May is one of my favourite months of the year. Not because it warms up and brings milder weather. Not because of the number of bank holidays we get in the UK or that it is National Burger Month or National Innovators Month (who decides these?) – but because of the massive amount of data that becomes available during the month. It marks when most of the annual reports are available, and importantly it marks when National Bureau of Labor Statistics publishes its annual occupation statistic for the US. If that isn’t exciting, you clearly aren’t a data junkie like me ????

These statistics are important as they show real job creation and job losses – which comes as a refreshing contrast to the recent obsession we see around the prediction of mass job losses caused by digital and the shift toward more digital operations. This rhetoric is becoming increasingly unhelpful as enterprise organizations navigate the ongoing shift toward digitally engaged commerce. The current mantra de jour being advances in machine learning, the internet of things (IoT), data analytics, and artificial intelligence (AI) will steadily eliminate all kinds of jobs. Economies across the globe will have to brace themselves for massive job destruction.

We’ve all seen the studies that state that half of manufacturing jobs will be eliminated by automation in the next decade. Driverless trucks and trains are set to become commonplace, eliminating many more jobs. Advances in technology are not only impacting lower skilled jobs but also skilled professions. People with advanced qualifications such as lawyers and doctors are undertaking activities that can be automated.

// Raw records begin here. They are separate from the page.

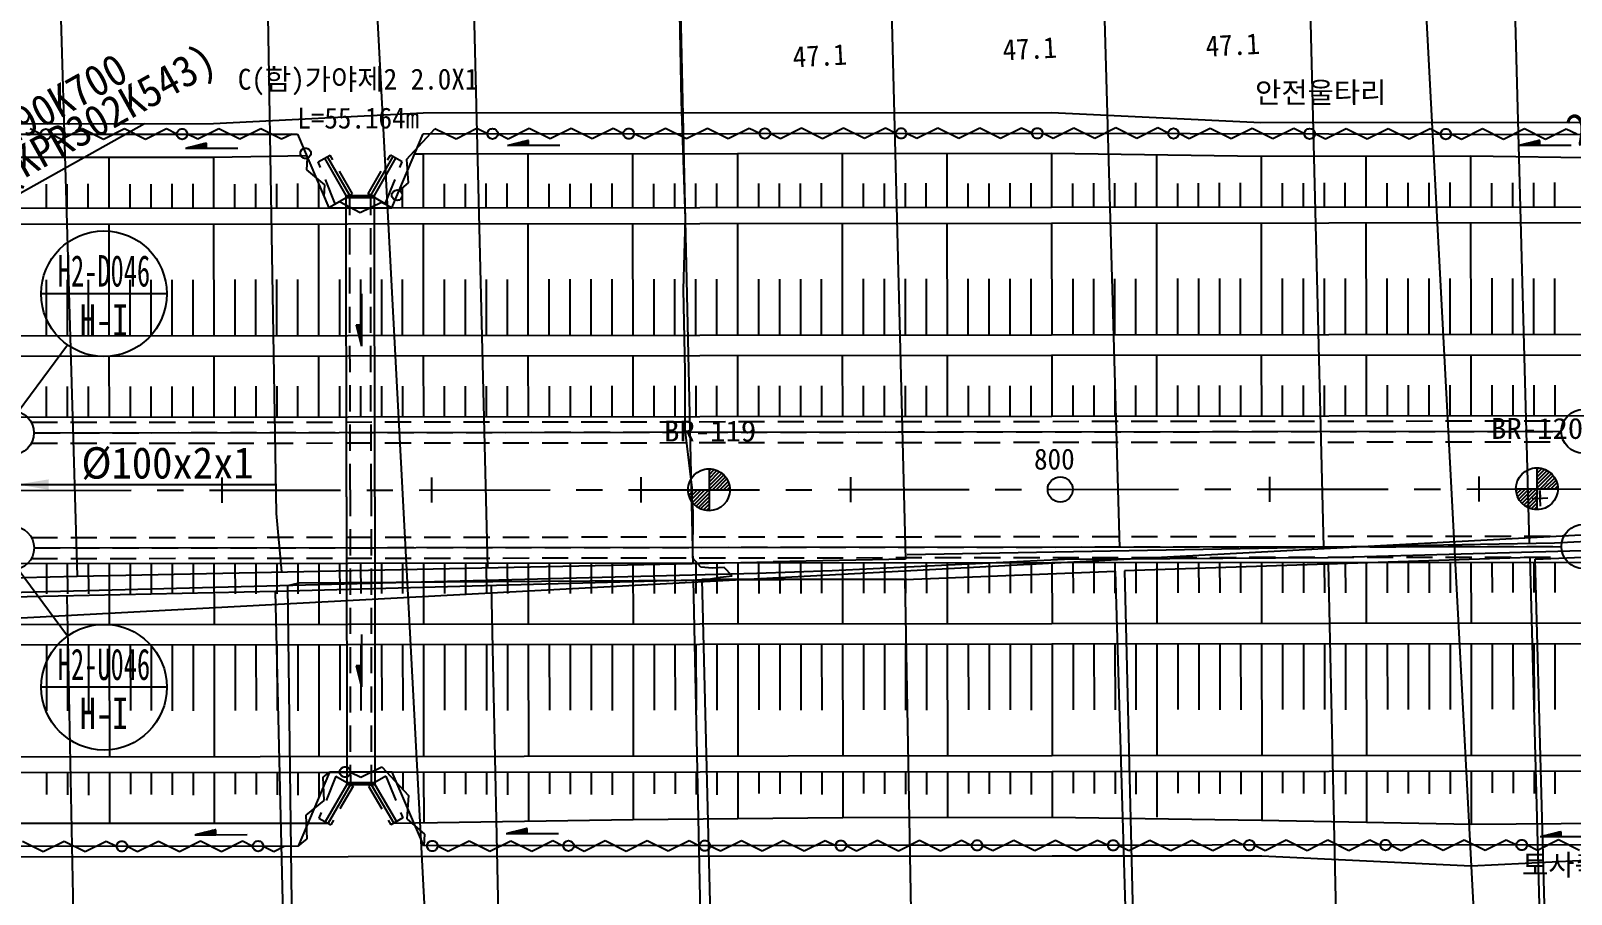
# Model space of a CAD drawing. Header units: millimetres. Extents: x 5990 to 6786, y 1103 to 1810.
# Drawn here: x 6273.7 to 6420.8, y 1440.5 to 1522.9 of the extents above; entities that cross this region are included whole.
import ezdxf
from ezdxf.enums import TextEntityAlignment as Align
from ezdxf.xclip import XClip

# ---------------------------------------------------------------- set-up
doc = ezdxf.new("R2010")
doc.units = ezdxf.units.MM
doc.header["$LTSCALE"] = 10
doc.header["$MEASUREMENT"] = 0
doc.header["$XCLIPFRAME"] = 2
for name, pattern in [('CENTER', [2, 1.25, -0.25, 0.25, -0.25]), ('DASHED2', [0.375, 0.25, -0.125]), ('HIDDEN', [0.375, 0.25, -0.125])]:
    doc.linetypes.add(name, pattern=pattern)
for name, color, linetype in [('TN-MANH', 4, 'Continuous'), ('TZ-BASE', 253, 'Continuous'), ('TZ-CABL', 4, 'Continuous')]:
    doc.layers.add(name, color=color, linetype=linetype)
doc.styles.add('GHS', font='GulimChe.ttf')
doc.styles.add('GR', font='GulimChe.ttf')
doc.styles.add('GUL', font='GulimChe.ttf')
doc.styles.get("Standard").update_dxf_attribs({"font": 'GulimChe.ttf'})
doc.linetypes.add('ZIGZAG', pattern='A,0.0001,-0.2,[131,ltypeshp.shx,S=0.2,R=0,X=-0.2,Y=0],-0.4,[131,ltypeshp.shx,S=0.2,R=180,X=0.2,Y=0],-0.2', length=0.8001)
doc.dimstyles.get("Standard").update_dxf_attribs({"dimtxt": 0.18, "dimasz": 0.18, "dimexe": 0.18, "dimexo": 0.0625, "dimgap": 0.09, "dimtad": 0, "dimtih": 1, "dimtoh": 1, "dimdec": 4, "dimzin": 0, "dimdsep": 46, "dimtxsty": 'Standard', "dimcen": 0.09, "dimadec": 0, "dimazin": 0, "dimtfac": 1, "dimtdec": 4, "dimtofl": 0, "dimtmove": 0, "dimatfit": 3, "dimfxl": 0, "dimtolj": 1, "dimtzin": 0, "dimarcsym": 0})

# ---------------------------------------------------------------- blocks, each defined once
blk = doc.blocks.new('JD-FGJFJFJ5DFH')
at = {"layer": 'TZ-BASE'}
for p, q in [((229.76, 140.02), (248.36, -209.84)), ((329.9, 140.02), (348.5, -209.84)), ((344.8, -4.87, 8.64), (342.07, 97.46, 8.64)), ((282.66, 95.89, 8.36), (285.22, -6.37, 8.36)), ((305.69, -5.28, 8.57), (302.82, 96.25, 8.57)), ((322.62, 96.89, 8.57), (325.12, -5.22, 8.57)), ((225.18, -2.02, 8.36), (223.55, 94.53, 8.36)), ((242.84, 94.97, 8.36), (245.33, -7.18, 8.36)), ((264.96, -6.78, 8.36), (262.7, 95.28, 8.36)), ((203.16, 94.07, 8.27), (206.14, -7.99, 8.27)), ((263.85, 37.36, 8.36), (262.89, 88.91, 8.36)), ((264.22, 26.13, 8.36), (263.85, 37.36, 8.36)), ((219.17, 35.22), (239.17, 36.24)), ((239.17, 36.24), (299.16, 36.29)), ((299.16, 36.29), (319.16, 35.31)), ((319.16, 35.31), (379.16, 35.37)), ((99.17, 35.1), (219.17, 35.22)), ((99.17, 34.1), (227.17, 34.22)), ((202.67, 34.2), (201.67, 34.7)), ((204.67, 33.7), (203.67, 34.2)), ((206.67, 34.71), (204.67, 33.7)), ((208.67, 33.71), (206.67, 34.71)), ((210.67, 34.71), (208.67, 33.71)), ((212.67, 33.71), (210.67, 34.71)), ((214.67, 34.71), (212.67, 33.71)), ((215.67, 34.21), (214.67, 34.71)), ((217.67, 33.72), (216.67, 34.21)), ((219.67, 34.72), (217.67, 33.72)), ((221.67, 33.72), (219.67, 34.72)), ((223.67, 34.72), (221.67, 33.72)), ((225.67, 33.72), (223.67, 34.72)), ((226.67, 34.22), (225.67, 33.72)), ((227.17, 34.22), (230.18, 27.16)), ((236.18, 27.16), (239.17, 34.24)), ((237.6, 31.8), (240.31, 34.71)), ((239.17, 34.24), (299.16, 34.29)), ((242.32, 33.72), (240.31, 34.71)), ((244.31, 34.74), (242.32, 33.72)), ((245.31, 34.24), (244.31, 34.74)), ((247.31, 33.74), (246.31, 34.24)), ((249.31, 34.75), (247.31, 33.74)), ((251.31, 33.75), (249.31, 34.75)), ((253.31, 34.75), (251.31, 33.75)), ((255.31, 33.75), (253.31, 34.75)), ((257.31, 34.75), (255.31, 33.75)), ((258.31, 34.25), (257.31, 34.75)), ((260.31, 33.76), (259.31, 34.25)), ((262.31, 34.76), (260.31, 33.76)), ((264.31, 33.76), (262.31, 34.76)), ((266.31, 34.76), (264.31, 33.76)), ((268.31, 33.76), (266.31, 34.76)), ((270.31, 34.76), (268.31, 33.76)), ((271.31, 34.27), (270.31, 34.76)), ((273.31, 33.77), (272.31, 34.27)), ((275.31, 34.77), (273.31, 33.77)), ((277.31, 33.77), (275.31, 34.77)), ((279.31, 34.77), (277.31, 33.77)), ((281.31, 33.78), (279.31, 34.77)), ((283.31, 34.78), (281.31, 33.78)), ((284.31, 34.28), (283.31, 34.78)), ((286.31, 33.78), (285.31, 34.28)), ((288.31, 34.78), (286.31, 33.78)), ((290.31, 33.78), (288.31, 34.78)), ((292.31, 34.79), (290.31, 33.78)), ((294.31, 33.79), (292.31, 34.79)), ((296.31, 34.79), (294.31, 33.79)), ((297.31, 34.29), (296.31, 34.79)), ((299.31, 33.79), (298.31, 34.29)), ((299.16, 34.29), (399.16, 34.09)), ((301.31, 34.79), (299.31, 33.79)), ((303.31, 33.8), (301.31, 34.79)), ((305.31, 34.8), (303.31, 33.8)), ((307.31, 33.8), (305.31, 34.8)), ((309.31, 34.8), (307.31, 33.8)), ((310.31, 34.3), (309.31, 34.8)), ((312.31, 33.76), (311.31, 34.27)), ((314.31, 34.76), (312.31, 33.76)), ((316.31, 33.76), (314.31, 34.76)), ((318.31, 34.75), (316.31, 33.76)), ((320.31, 33.75), (318.31, 34.75)), ((322.31, 34.74), (320.31, 33.75)), ((323.31, 34.24), (322.31, 34.74)), ((325.31, 33.74), (324.31, 34.24)), ((327.31, 34.73), (325.31, 33.74)), ((329.31, 33.73), (327.31, 34.73)), ((331.31, 34.73), (329.31, 33.73)), ((333.31, 33.72), (331.31, 34.73)), ((335.31, 34.72), (333.31, 33.72)), ((336.31, 34.22), (335.31, 34.72)), ((338.31, 33.71), (337.31, 34.21)), ((340.31, 34.71), (338.31, 33.71)), ((342.31, 33.7), (340.31, 34.71)), ((344.31, 34.7), (342.31, 33.7)), ((346.31, 33.69), (344.31, 34.7)), ((348.31, 34.69), (346.31, 33.69)), ((349.31, 34.19), (348.31, 34.69)), ((218.49, 33.34), (216.49, 32.84)), ((218.49, 32.84), (216.49, 32.84)), ((218.49, 32.86), (216.54, 32.85)), ((218.49, 32.87), (216.59, 32.87)), ((218.49, 32.88), (216.64, 32.88)), ((218.49, 32.89), (216.69, 32.89)), ((218.49, 32.91), (216.74, 32.9)), ((218.49, 32.92), (216.79, 32.92)), ((218.49, 32.93), (216.84, 32.93)), ((218.49, 32.94), (216.89, 32.94)), ((218.49, 32.96), (216.94, 32.95)), ((218.49, 32.97), (216.99, 32.97)), ((218.49, 32.98), (217.04, 32.98)), ((218.49, 32.99), (217.09, 32.99)), ((218.49, 33.01), (217.14, 33)), ((218.49, 33.02), (217.19, 33.02)), ((218.49, 33.03), (217.24, 33.03)), ((218.49, 33.04), (217.29, 33.04)), ((218.49, 33.06), (217.34, 33.05)), ((218.49, 33.07), (217.39, 33.07)), ((218.49, 33.08), (217.44, 33.08)), ((218.49, 33.09), (217.49, 33.09)), ((218.49, 33.11), (217.54, 33.1)), ((218.49, 33.12), (217.59, 33.12)), ((218.49, 33.13), (217.64, 33.13)), ((218.49, 33.14), (217.69, 33.14)), ((218.49, 33.16), (217.74, 33.16)), ((218.49, 33.17), (217.79, 33.17)), ((218.49, 33.18), (217.84, 33.18)), ((218.49, 33.19), (217.89, 33.19)), ((218.49, 33.21), (217.94, 33.21)), ((218.49, 33.22), (217.99, 33.22)), ((218.49, 33.23), (218.04, 33.23)), ((218.49, 33.24), (218.09, 33.24)), ((218.49, 33.26), (218.14, 33.26)), ((218.49, 33.27), (218.19, 33.27)), ((218.49, 33.28), (218.24, 33.28)), ((218.49, 33.29), (218.29, 33.29)), ((218.49, 33.31), (218.34, 33.31)), ((218.49, 33.32), (218.39, 33.32)), ((218.49, 33.33), (218.44, 33.33)), ((218.49, 32.84), (218.49, 33.34)), ((221.49, 32.85), (218.49, 32.84)), ((239.18, 32.34), (299.16, 32.39)), ((249.24, 33.61), (247.24, 33.1)), ((249.24, 33.11), (247.24, 33.11)), ((249.24, 33.12), (247.29, 33.12)), ((249.24, 33.13), (247.34, 33.13)), ((249.24, 33.14), (247.39, 33.14)), ((249.24, 33.16), (247.44, 33.16)), ((249.24, 33.17), (247.49, 33.17)), ((249.24, 33.18), (247.54, 33.18)), ((249.24, 33.19), (247.59, 33.19)), ((249.24, 33.21), (247.64, 33.21)), ((249.24, 33.22), (247.69, 33.22)), ((249.24, 33.23), (247.74, 33.23)), ((249.24, 33.24), (247.79, 33.24)), ((249.24, 33.26), (247.84, 33.26)), ((249.24, 33.27), (247.89, 33.27)), ((249.24, 33.28), (247.94, 33.28)), ((249.24, 33.29), (247.99, 33.29)), ((249.24, 33.31), (248.04, 33.31)), ((249.24, 33.32), (248.09, 33.32)), ((249.24, 33.33), (248.14, 33.33)), ((249.24, 33.34), (248.19, 33.34)), ((249.24, 33.36), (248.24, 33.36)), ((249.24, 33.37), (248.29, 33.37)), ((249.24, 33.38), (248.34, 33.38)), ((249.24, 33.39), (248.39, 33.39)), ((249.24, 33.41), (248.44, 33.41)), ((249.24, 33.42), (248.49, 33.42)), ((249.24, 33.43), (248.54, 33.43)), ((249.24, 33.44), (248.59, 33.44)), ((249.24, 33.46), (248.64, 33.46)), ((249.24, 33.47), (248.69, 33.47)), ((249.24, 33.48), (248.74, 33.48)), ((249.24, 33.49), (248.79, 33.49)), ((249.24, 33.51), (248.84, 33.51)), ((249.24, 33.52), (248.89, 33.52)), ((249.24, 33.53), (248.94, 33.53)), ((249.24, 33.54), (248.99, 33.54)), ((249.24, 33.56), (249.04, 33.56)), ((249.24, 33.57), (249.09, 33.57)), ((249.24, 33.58), (249.14, 33.58)), ((249.24, 33.59), (249.19, 33.59)), ((249.24, 33.11), (249.24, 33.61)), ((252.24, 33.11), (249.24, 33.11)), ((259.18, 32.35), (259.18, 27.18)), ((269.18, 32.36), (269.18, 27.19)), ((279.18, 32.37), (279.18, 27.2)), ((289.18, 32.38), (289.18, 27.21)), ((299.16, 32.39), (319.16, 32.11)), ((299.18, 32.39), (299.18, 27.22)), ((345.77, 33.61), (343.77, 33.11)), ((345.77, 33.11), (343.77, 33.11)), ((345.77, 33.12), (343.82, 33.12)), ((345.77, 33.14), (343.87, 33.13)), ((345.77, 33.15), (343.92, 33.15)), ((345.77, 33.16), (343.97, 33.16)), ((345.77, 33.17), (344.02, 33.17)), ((345.77, 33.19), (344.07, 33.18)), ((345.77, 33.2), (344.12, 33.2)), ((345.77, 33.21), (344.17, 33.21)), ((345.77, 33.22), (344.22, 33.22)), ((345.77, 33.24), (344.27, 33.24)), ((345.77, 33.25), (344.32, 33.25)), ((345.77, 33.26), (344.37, 33.26)), ((345.77, 33.27), (344.42, 33.27)), ((345.77, 33.29), (344.47, 33.29)), ((345.77, 33.3), (344.52, 33.3)), ((345.77, 33.31), (344.57, 33.31)), ((345.77, 33.32), (344.62, 33.32)), ((345.77, 33.34), (344.67, 33.34)), ((345.77, 33.35), (344.72, 33.35)), ((345.77, 33.36), (344.77, 33.36)), ((345.77, 33.37), (344.82, 33.37)), ((345.77, 33.39), (344.87, 33.39)), ((345.77, 33.4), (344.92, 33.4)), ((345.77, 33.41), (344.97, 33.41)), ((345.77, 33.42), (345.02, 33.42)), ((345.77, 33.44), (345.07, 33.44)), ((345.77, 33.45), (345.12, 33.45)), ((345.77, 33.46), (345.17, 33.46)), ((345.77, 33.47), (345.22, 33.47)), ((345.77, 33.49), (345.27, 33.49)), ((345.77, 33.5), (345.32, 33.5)), ((345.77, 33.51), (345.37, 33.51)), ((345.77, 33.52), (345.42, 33.52)), ((345.77, 33.54), (345.47, 33.54)), ((345.77, 33.55), (345.52, 33.55)), ((345.77, 33.56), (345.57, 33.56)), ((345.77, 33.57), (345.62, 33.57)), ((345.77, 33.59), (345.67, 33.59)), ((345.77, 33.6), (345.72, 33.6)), ((345.77, 33.11), (345.77, 33.61)), ((348.77, 33.11), (345.77, 33.11)), ((199.18, 32), (219.18, 32.02)), ((209.18, 32.01), (209.18, 27.14)), ((219.18, 32.02), (228.05, 32.16)), ((219.18, 32.02), (219.18, 27.15)), ((228.08, 30.81), (228.15, 31.92)), ((237.6, 31.8), (237.74, 29.56)), ((238.36, 32.32), (239.18, 32.34)), ((239.18, 32.34), (239.18, 27.17)), ((249.18, 32.34), (249.18, 27.17)), ((309.18, 32.25), (309.18, 27.23)), ((319.16, 32.11), (339.16, 32.13)), ((319.18, 32.11), (319.18, 27.24)), ((329.18, 32.12), (329.18, 27.25)), ((339.16, 32.13), (359.16, 31.85)), ((339.18, 32.13), (339.18, 27.26)), ((203.18, 29.43), (203.18, 27.13)), ((205.18, 29.44), (205.18, 27.13)), ((207.18, 29.46), (207.18, 27.14)), ((211.18, 29.42), (211.18, 27.14)), ((213.18, 29.44), (213.18, 27.14)), ((215.18, 29.45), (215.18, 27.14)), ((217.18, 29.47), (217.18, 27.14)), ((221.18, 29.43), (221.18, 27.15)), ((223.18, 29.45), (223.18, 27.15)), ((225.18, 29.46), (225.18, 27.15)), ((227.18, 29.48), (227.18, 27.15)), ((229.79, 29.36), (228.08, 30.81)), ((229.18, 29.51), (229.18, 27.16)), ((237.74, 29.56), (236.89, 28.84)), ((241.18, 29.45), (241.18, 27.17)), ((243.18, 29.46), (243.18, 27.17)), ((245.18, 29.48), (245.18, 27.17)), ((247.18, 29.49), (247.18, 27.17)), ((251.18, 29.46), (251.18, 27.18)), ((253.18, 29.47), (253.18, 27.18)), ((255.18, 29.49), (255.18, 27.18)), ((257.18, 29.5), (257.18, 27.18)), ((261.18, 29.47), (261.18, 27.19)), ((263.18, 29.48), (263.18, 27.19)), ((265.18, 29.5), (265.18, 27.19)), ((267.18, 29.51), (267.18, 27.19)), ((271.18, 29.48), (271.18, 27.2)), ((273.18, 29.49), (273.18, 27.2)), ((275.18, 29.51), (275.18, 27.2)), ((277.18, 29.52), (277.18, 27.2)), ((281.18, 29.49), (281.18, 27.2)), ((283.18, 29.5), (283.18, 27.21)), ((285.18, 29.52), (285.18, 27.21)), ((287.18, 29.53), (287.18, 27.21)), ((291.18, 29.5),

Although there is some truth in this – technology is taking on increasing amounts of low skilled and mundane work, the largest inhibitor to the continued digital transformation of businesses and whole industries is, and will continue to be, a lack of skills. Yes, it is a shortage of talent that will slow down the adoption of new technologies such as robotics, AI, big data analytics, and the IoT.

The truth as you can clearly see below, automation doesn’t kill jobs – wider economic issues kill job creation – recessions and stagnation. As you can see from labor statistics in the US – in spite of the growth of automation there is still a net gain in jobs over the last 5 years:

Although automation will impact jobs, the rate at which jobs will be eliminated will be limited by the availability of skills that can implement and manage this technology. Which tends to self-regulate the creation v destruction trend and help, at least with the timing of any job market adjustment. As we have seen in past industrial revolutions, these shifts in jobs end up creating more work than they eliminate. We saw in the 18th century industrial revolution massive shifts from agricultural work – we expect a similar trend with this current wave of disruption.

New jobs will need to be created to enable automation, and to engender the innovation facilitated by new technology. Skills required for these new jobs are in extremely short supply. We maintain that a lack of people with appropriate skills, will slow any shift in operating models toward driverless trucks, driverless trains, software defined factories, connected health, smart grids, smart cities and so forth.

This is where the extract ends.